How well do you think you fair? Depending on the adventure, you could still pull your own weight. But you also could very easily fall behind. Monsters that are resistant or immune to your attacks. Obstacles that are difficult or impossible to overcome without mobility enhancement. Encumbrance enforced without extra dimensional storage. Etc. I wager you end up playing on the backhand, if not outright inefficient.

But sure, let's keep fighters totally mundane and remain in denial that everything special about them came from a treasure chest or a spellcaster's fingertips. Totally dependent on others, but convinced of their own independence.
but is that not more a fault in their design rather than concept though? for what reason should the fighter not have been able to master weaponry and to know the techniques that let their blade peirce the dragon's scales like butter or rend a spirit's form? why can they not simply leap across the chasm like a roadside ditch, or that their flesh has become like iron from a thousand battles?

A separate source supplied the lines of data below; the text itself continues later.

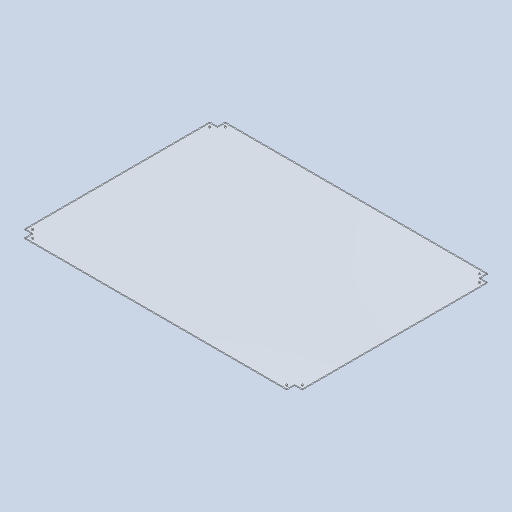
# Autodesk Inventor part: Electronics Board
Saved by Autodesk Inventor 2023 (Build 270158000, 158)
## iProperties
Created: 2022-09-11
Part Number: Electronics Board
Material: Polycarbonate, Clear
Document SubType Name: Modeling
Designer: PC
Density: 1.2 g/cm^3
Appearance: Polycarbonate - Clear
Author: PC
Autodesk Inventor part; units mm, degrees
ref_plane "YZ Plane" through (0, 0, 0) normal (1, 0, 0) x (0, 1, 0)
ref_plane "XZ Plane" through (0, 0, 0) normal (0, 1, 0) x (-1, 0, 0)
ref_plane "XY Plane" through (0, 0, 0) normal (0, 0, 1) x (1, 0, 0)
sketch "Sketch1" plane through (0, 0, 0) normal (0, 1, 0) x (-1, 0, 0)
  line L0 (0, 0) -> (914.4, 0)
  line L1 (914.4, 0) -> (914.4, -660.4)
  line L2 (914.4, -660.4) -> (0, -660.4)
  line L3 (0, -660.4) -> (0, 0)
  line L4 (914.4, 0) -> (889, 0)
  line L5 (889, 0) -> (889, -25.4)
  line L6 (889, -25.4) -> (914.4, -25.4)
  line L7 (914.4, -25.4) -> (914.4, 0)
  line L8 (914.4, -660.4) -> (889, -660.4)
  line L9 (889, -660.4) -> (889, -635)
  line L10 (889, -635) -> (914.4, -635)
  line L11 (914.4, -635) -> (914.4, -660.4)
  line L12 (0, -660.4) -> (25.4, -660.4)
  line L13 (25.4, -660.4) -> (25.4, -635)
  line L14 (25.4, -635) -> (0, -635)
  line L15 (0, -635) -> (0, -660.4)
  line L16 (0, 0) -> (25.4, 0)
  line L17 (25.4, 0) -> (25.4, -25.4)
  line L18 (25.4, -25.4) -> (0, -25.4)
  line L19 (0, -25.4) -> (0, 0)
  circle A0 centre (901.7, -38.1) radius 2.5
  circle A1 centre (876.3, -12.7) radius 2.5
  circle A2 centre (901.7, -622.3) radius 2.5
  circle A3 centre (876.3, -647.7) radius 2.5
  circle A4 centre (12.7, -38.1) radius 2.5
  circle A5 centre (38.1, -12.7) radius 2.5
  circle A6 centre (12.7, -622.3) radius 2.5
  circle A7 centre (38.1, -647.7) radius 2.5
  point P0 (889, -647.7)
  point P1 (0, -635)
  dimension "d0" = 914.4
  dimension "d1" = 660.4
  dimension "d2" = 25.4
  dimension "d3" = 25.4
  dimension "d4" = 25.4
  dimension "d5" = 25.4
  dimension "d6" = 25.4
  dimension "d7" = 25.4
  dimension "d8" = 25.4
  dimension "d9" = 25.4
  dimension "d10" = 5
  dimension "d11" = 12.7
  dimension "d12" = 12.7
  dimension "d13" = 5
  dimension "d14" = 12.7
  dimension "d15" = 12.7
  dimension "d16" = 5
  dimension "d17" = 5
  dimension "d18" = 12.7
  dimension "d19" = 12.7
  dimension "d20" = 12.7
  dimension "d21" = 12.7
  constraints: 40 end point, 10 parallel, 8 centre point, 5 horizontal, 5 perpendicular, 1 midpoint
  measures "d0" distance of L1.end L2.end
  measures "d1" distance of L0.end L1.end
  measures "d2" distance of L6.end L5.end
  measures "d3" distance of L5.end L4.end
  measures "d4" distance of L9.end L10.end
  measures "d5" distance of L8.end L9.end
  measures "d6" distance of L14.end L13.end
  measures "d7" distance of L13.end L12.end
  measures "d8" distance of L17.end L18.end
  measures "d9" distance of L16.end L17.end
  measures "d10" diameter of A0
  measures "d11" distance from line of L1 A0.centre
  measures "d12" distance from line of L6 A0.centre
  measures "d13" diameter of A1
  measures "d14" distance from line of L5 A1.centre
  measures "d15" distance from line of L0 A1.centre
  measures "d16" diameter of A2
  measures "d17" diameter of A3
  measures "d18" distance from line of L2 A3.centre
  measures "d19" distance of point (889, -647.7) A3.centre
  measures "d20" distance from line of L10 A2.centre
  measures "d21" distance from line of L1 A2.centre
extrude "Extrusion1" add sketch "Sketch1" along normal blind 3.175 contours L0 L5 L6 L1 L10 L9 L2 L13 L14 L3 L18 L17
equation "\"d14\" = d12"
equation "\"d15\" = d11"
equation "\"d18\" = d14"
equation "\"d19\" = d14"
equation "\"d20\" = d19"
equation "\"d21\" = d18"
body "Solid1"

these things happening without magic would not be out of place in a thousand stories and legends and so too i say they should not be out of place in DnD.
 

I'm not a "scream bloody murder" person. But I do see their point. Magic (in myth and literature, and movies, etc.) does things and solves things like wall climbing, lock picking etc.

Its magic. Of course the wizard would develop a spell to open locks, or spider climb etc. Why wouldnt they? But that viewpoint is a result of what would happen if magic was real, and we are playing a game where its supossed to be fun for all, no matter what class they chose.


Its also weird...wizards can cast wish, but they cant research or create a spell to open locks because...?

BL: I'm not disparaging anyone's view; its a hard thing from both sides, and its been debated for many a year.
I disagree, because your conclusions rely on certain assumptions that aren’t necessarily set in stone.

Why wouldn’t a wizard learn a spell to pick locks? Well, maybe the spell simply allows the caster to use their magic stat to attempt to pick the lock, better than relying on their native lockpicking, but generally easier for the thief to do it. Or maybe you have to commit the spell to a particular spell slot, making it less interesting to take instead of more immediately useful spells. Maybe it requires components that are consumed, so you need to locate or purchase components for the amount of castings you want.

The point is, there are a hundred ways to balance magic against not-magic, The problem isn’t that magic can do what not-magic can’t, but that in addition, there is an unwillingness to balance magic in a manner that is consistent with its power.
 

Maxperson

Morkus from Orkus
It already can.
Wish can't make you a fighter.
Sure it can.

"You might be able to achieve something beyond the scope of the above examples. State your wish to the DM as precisely as possible. The DM has great latitude in ruling what occurs in such an instance; the greater the wish, the greater the likelihood that something goes wrong. This spell might simply fail, the effect you desire might only be partly achieved, or you might suffer some unforeseen consequence as a result of how you worded the wish."

There's nothing there that says no to the wish making the wizard a fighter. Hell, it used to be doable with a 6th level spell. So while an individual DM might say no, another might say yes, making it well within the possibility of the Wish spell.